Stefan Somlo MD
C. N. H. Long Professor of Medicine (Nephrology) and Professor of Genetics; Chief, Section of Nephrology
Genetic kidney and liver disease; Cilia function in tissue homeostasis; Polycystin function
- Determinants of polcystin-1 (Pkd1) and polycystin-2 (Pkd2) function;
- Functional relationship of the isolated polycystic liver disease genes, Sec63 and Prkcsh, to cyst formation;
- Role of MAPK/ERK pathway in polycystic kidney disease;
- Role of the recessive PKD gene, Pkhd1, in tissue polarity and kidney disease
The goal of our laboratory is to understand the human polycystic diseaseas of the kidney and liver so that specific treatments can be developed. As a group, these diseases result in the progressive disruption of the normal structure and function of the affected organs leading to the symptoms that patients experience. To achieve our goal, we begin by disovering the genes responsible for these diseases in patient families and then proceed to studying the functions of the protein products of these genes in cells and tissues. We have discovered five genes for the polycystic diseases so far and we are working to understand how they normally work together to prevent disease from occurring. As we understand more and more about the normal functions of these human disease genes, we expect to successfully translate this understandng into specific treatments for patients and families affected by polycystic kidney and liver diseases.
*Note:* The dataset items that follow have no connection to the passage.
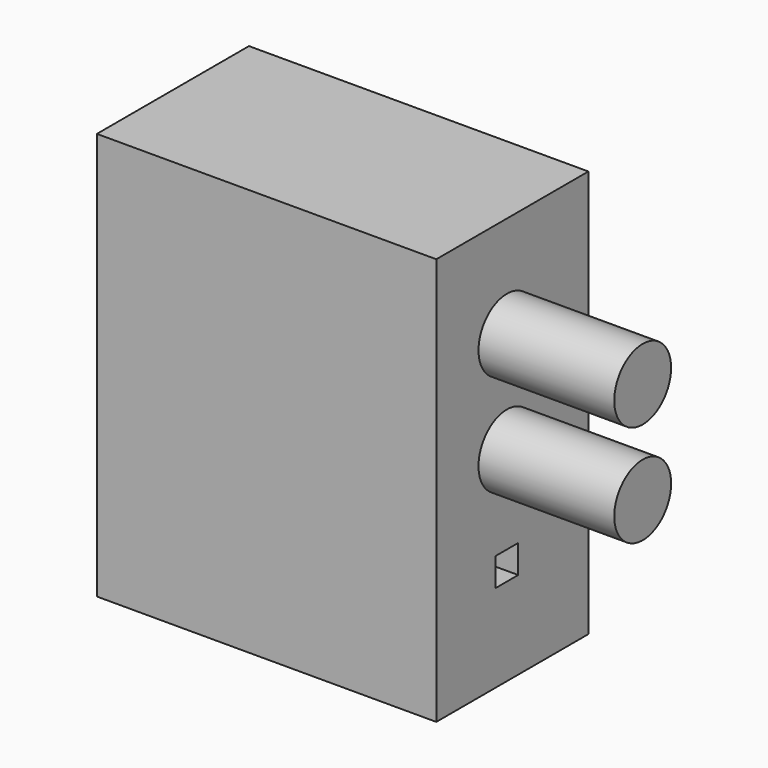
from build123d import *

# Parameters (mm, degrees)
F0_W     = 39.6875
F0_H     = 47.625
F1_DEPTH = 22.225
F2_R     = 4.1548957558
F3_DEPTH = 15.875
F2_W     = 3.302
F2_H     = 3.302
F4_DEPTH = 12.7


# Not quite as in the source:
# - a length typed as a fraction of an inch, garbled in the dataset ("3 / 203.2 mm" for 3/8 in), is restored


with BuildPart() as f1:
    # F0 (on Front) → F1 (new body)
    with BuildSketch(Plane.XZ):
        with Locations((-3.6287705289, -8.4221055731)):
            Rectangle(F0_W, F0_H)
    extrude(amount=F1_DEPTH)

    # F2 (on face) → F3 (join)
    with BuildSketch(Plane.YZ.offset(16.2149794711)):
        with Locations((-11.90625, 3.4968444269)):
            Circle(F2_R)
        with Locations((-11.90625, -8.4157555731)):
            Circle(F2_R)
    extrude(amount=F3_DEPTH)

    # F2 (on face) → F4 (cut)
    with BuildSketch(Plane.YZ.offset(16.2149794711)):
        with Locations((-11.90625, -20.3283555731)):
            Rectangle(F2_W, F2_H)
    extrude(amount=-F4_DEPTH, mode=Mode.SUBTRACT)


solid = f1.part

Extensive Research Description
The primary focus of our laboratory is understand the pathogenesis of polycystic kidney and liver diseases (ADPKD, ADPLD, ARPKD). These diseases are the most prominent among a larger group of pleiotropic human genetic diseases which share fibrocystic deterioration of the kidney and liver as a key phenotypic feature and whose pathogenesis is related to the functioning of the primary cilium and basal body complex. Study of these diseases have uncovered the central role of cilia in novel signaling pathways and in establishing and maintaining three dimensional tissue organization. Therefore, understanding the mechanism of polycystic diseases will not only shed light on diseases for which there are no therapies currently but will also uncover general principles of the functioning of cilia in human biology.
We have taken a longitudinal approach to the pathogenesis of PKD beginning with discovery of human disease genes for dominant PKD (PKD2), recessive PKD (PKHD1) and two genes for isolated dominant polycystic liver disease (PRKCSH, SEC63). Our lab now seeks to define the cellular pathways in which the PKD-gene products function and to translate these findings to treatment for PKD. A central principle of our current approach is need to address disease processes affecting three dimensional tissue organization and polarity using in vivo vertebrate models. To this end, we have developed a series of conditional and inducible mouse models of the relevant human disease genes and combined them with bacterial artificial chromosome (BAC) transgenic lines modified by recombineering to define the mechanisms of PKD in vivo. Specific projects include dissection of the molecular pathways of trafficking of PKD1 and PKD2, to cilia, the inter-relationship of cilial function with the ER proteins PRKCSH and SEC63, the regulation of the PKD2 Ca2+ channel, the role of Ca2+ signaling in PKD and the intersection of tissue polarity (also called planar cell polarity) with PKD pathways.
We continue to keep in focus the need to develop principles for therapy in PKD that are based on basic science discoveries and to this end have focused on defining the cellular features of cyst cells (e.g., proliferation, cystoskeletal features, intercellular adhesion properties, etc.) as means of defining targets for therapy.